[Given data — start]

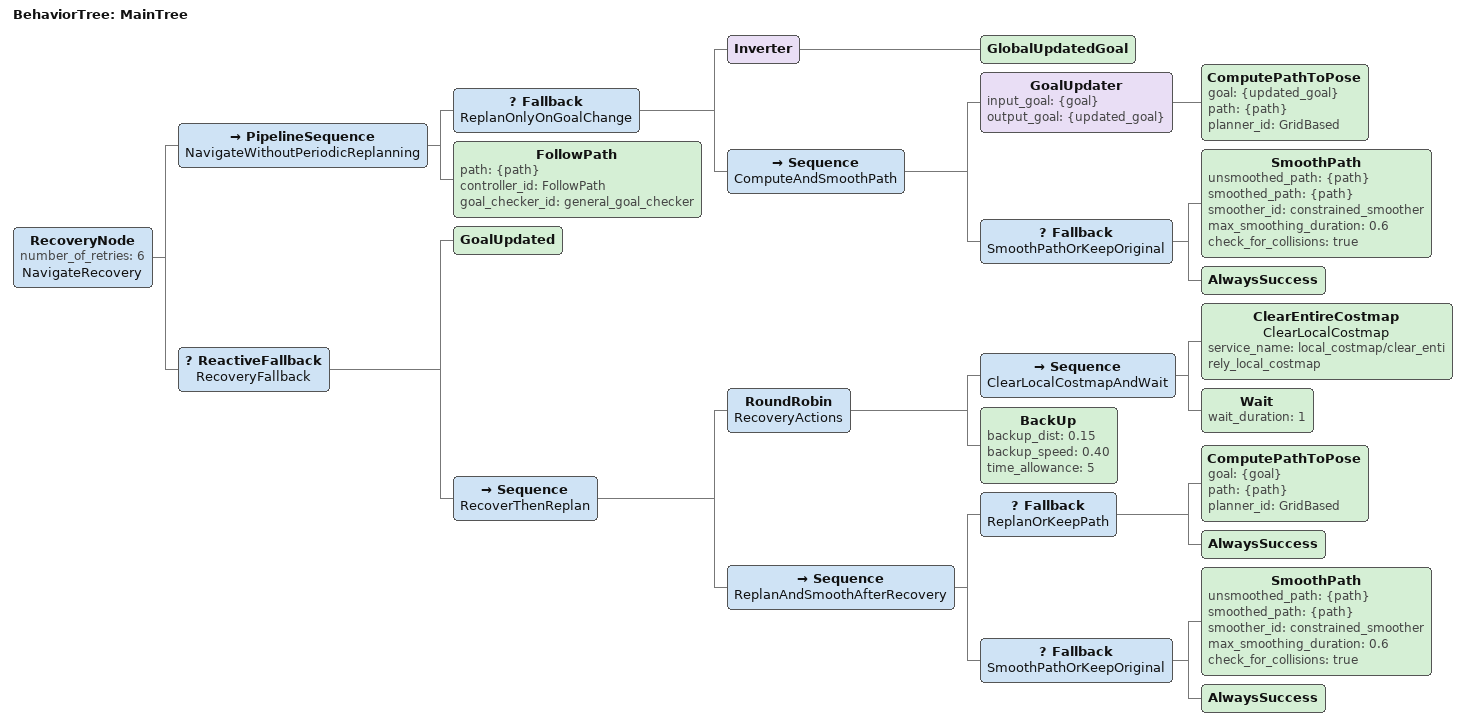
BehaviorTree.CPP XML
<root main_tree_to_execute="MainTree">
  <BehaviorTree ID="MainTree">
    <RecoveryNode number_of_retries="6" name="NavigateRecovery">
      <PipelineSequence name="NavigateWithoutPeriodicReplanning">
        <Fallback name="ReplanOnlyOnGoalChange">
          <Inverter>
            <GlobalUpdatedGoal/>
          </Inverter>
          <Sequence name="ComputeAndSmoothPath">
            <GoalUpdater input_goal="{goal}" output_goal="{updated_goal}">
              <ComputePathToPose goal="{updated_goal}" path="{path}" planner_id="GridBased"/>
            </GoalUpdater>
            <!-- 约束平滑器读全局代价地图，把路径推离膨胀带以求居中；
                 Ceres 无解或平滑后碰撞时失败，此时 {path} 保持规划器原值，
                 由 AlwaysSuccess 吞掉失败，避免误触发外层恢复流程。 -->
            <Fallback name="SmoothPathOrKeepOriginal">
              <SmoothPath unsmoothed_path="{path}" smoothed_path="{path}" smoother_id="constrained_smoother" max_smoothing_duration="0.6" check_for_collisions="true"/>
              <AlwaysSuccess/>
            </Fallback>
          </Sequence>
        </Fallback>
        <FollowPath
          path="{path}"
          controller_id="FollowPath"
          goal_checker_id="general_goal_checker"/>
      </PipelineSequence>
      <ReactiveFallback name="RecoveryFallback">
        <GoalUpdated/>
        <!-- 两种恢复动作按失败轮次轮换：先清局部图，再由 BackUpTwzFree 搜索全局图自由方向。 -->
        <Sequence name="RecoverThenReplan">
          <RoundRobin name="RecoveryActions">
            <!-- 只清局部图。全局代价地图刻意不清空：清空后规划器在一张空图上重新规划，
                 得到的仍是原来那条被堵的路径，而 update_frequency 0.5 Hz 要数秒才能把
                 障碍重新填回来，这段时间机器人处于无障碍认知的状态。 -->
            <Sequence name="ClearLocalCostmapAndWait">
              <ClearEntireCostmap name="ClearLocalCostmap" service_name="local_costmap/clear_entirely_local_costmap"/>
              <Wait wait_duration="1"/>
            </Sequence>
            <!-- backup_dist=0.15 保留为标准 BT 接口的兼容值；BackUpTwzFree 启动后
                 会根据自由空间质心动态选择 0.15～1.0 m 的实际距离。 -->
            <BackUp backup_dist="0.15" backup_speed="0.40" time_allowance="5"/>
          </RoundRobin>
          <!-- 清图或移动恢复完成后重新规划。用 {goal}（action 目标）而非
               {updated_goal}，后者在本树中不再被刷新。
               规划失败必须由 AlwaysSuccess 吞掉：否则恢复动作被判定失败，RecoveryNode
               会直接结束导航，无法进入下一轮恢复。 -->
          <Sequence name="ReplanAndSmoothAfterRecovery">
            <Fallback name="ReplanOrKeepPath">
              <ComputePathToPose goal="{goal}" path="{path}" planner_id="GridBased"/>
              <AlwaysSuccess/>
            </Fallback>
            <!-- 主分支此后不会再平滑（目标未变，条件短路），所以恢复侧必须自己补一次，
                 否则机器人会去跟一条未经 constrained_smoother 推离膨胀带的原始 A* 路径。 -->
            <Fallback name="SmoothPathOrKeepOriginal">
              <SmoothPath unsmoothed_path="{path}" smoothed_path="{path}" smoother_id="constrained_smoother" max_smoothing_duration="0.6" check_for_collisions="true"/>
              <AlwaysSuccess/>
            </Fallback>
          </Sequence>
        </Sequence>
      </ReactiveFallback>
    </RecoveryNode>
  </BehaviorTree>
</root>

[Given data — finish]

Problem statement: Exact copies of the entries above are needed, with every picture removed.

Written solution:
BehaviorTree.CPP XML
<root main_tree_to_execute="MainTree">
  <BehaviorTree ID="MainTree">
    <RecoveryNode number_of_retries="6" name="NavigateRecovery">
      <PipelineSequence name="NavigateWithoutPeriodicReplanning">
        <Fallback name="ReplanOnlyOnGoalChange">
          <Inverter>
            <GlobalUpdatedGoal/>
          </Inverter>
          <Sequence name="ComputeAndSmoothPath">
            <GoalUpdater input_goal="{goal}" output_goal="{updated_goal}">
              <ComputePathToPose goal="{updated_goal}" path="{path}" planner_id="GridBased"/>
            </GoalUpdater>
            <!-- 约束平滑器读全局代价地图，把路径推离膨胀带以求居中；
                 Ceres 无解或平滑后碰撞时失败，此时 {path} 保持规划器原值，
                 由 AlwaysSuccess 吞掉失败，避免误触发外层恢复流程。 -->
            <Fallback name="SmoothPathOrKeepOriginal">
              <SmoothPath unsmoothed_path="{path}" smoothed_path="{path}" smoother_id="constrained_smoother" max_smoothing_duration="0.6" check_for_collisions="true"/>
              <AlwaysSuccess/>
            </Fallback>
          </Sequence>
        </Fallback>
        <FollowPath
          path="{path}"
          controller_id="FollowPath"
          goal_checker_id="general_goal_checker"/>
      </PipelineSequence>
      <ReactiveFallback name="RecoveryFallback">
        <GoalUpdated/>
        <!-- 两种恢复动作按失败轮次轮换：先清局部图，再由 BackUpTwzFree 搜索全局图自由方向。 -->
        <Sequence name="RecoverThenReplan">
          <RoundRobin name="RecoveryActions">
            <!-- 只清局部图。全局代价地图刻意不清空：清空后规划器在一张空图上重新规划，
                 得到的仍是原来那条被堵的路径，而 update_frequency 0.5 Hz 要数秒才能把
                 障碍重新填回来，这段时间机器人处于无障碍认知的状态。 -->
            <Sequence name="ClearLocalCostmapAndWait">
              <ClearEntireCostmap name="ClearLocalCostmap" service_name="local_costmap/clear_entirely_local_costmap"/>
              <Wait wait_duration="1"/>
            </Sequence>
            <!-- backup_dist=0.15 保留为标准 BT 接口的兼容值；BackUpTwzFree 启动后
                 会根据自由空间质心动态选择 0.15～1.0 m 的实际距离。 -->
            <BackUp backup_dist="0.15" backup_speed="0.40" time_allowance="5"/>
          </RoundRobin>
          <!-- 清图或移动恢复完成后重新规划。用 {goal}（action 目标）而非
               {updated_goal}，后者在本树中不再被刷新。
               规划失败必须由 AlwaysSuccess 吞掉：否则恢复动作被判定失败，RecoveryNode
               会直接结束导航，无法进入下一轮恢复。 -->
          <Sequence name="ReplanAndSmoothAfterRecovery">
            <Fallback name="ReplanOrKeepPath">
              <ComputePathToPose goal="{goal}" path="{path}" planner_id="GridBased"/>
              <AlwaysSuccess/>
            </Fallback>
            <!-- 主分支此后不会再平滑（目标未变，条件短路），所以恢复侧必须自己补一次，
                 否则机器人会去跟一条未经 constrained_smoother 推离膨胀带的原始 A* 路径。 -->
            <Fallback name="SmoothPathOrKeepOriginal">
              <SmoothPath unsmoothed_path="{path}" smoothed_path="{path}" smoother_id="constrained_smoother" max_smoothing_duration="0.6" check_for_collisions="true"/>
              <AlwaysSuccess/>
            </Fallback>
          </Sequence>
        </Sequence>
      </ReactiveFallback>
    </RecoveryNode>
  </BehaviorTree>
</root>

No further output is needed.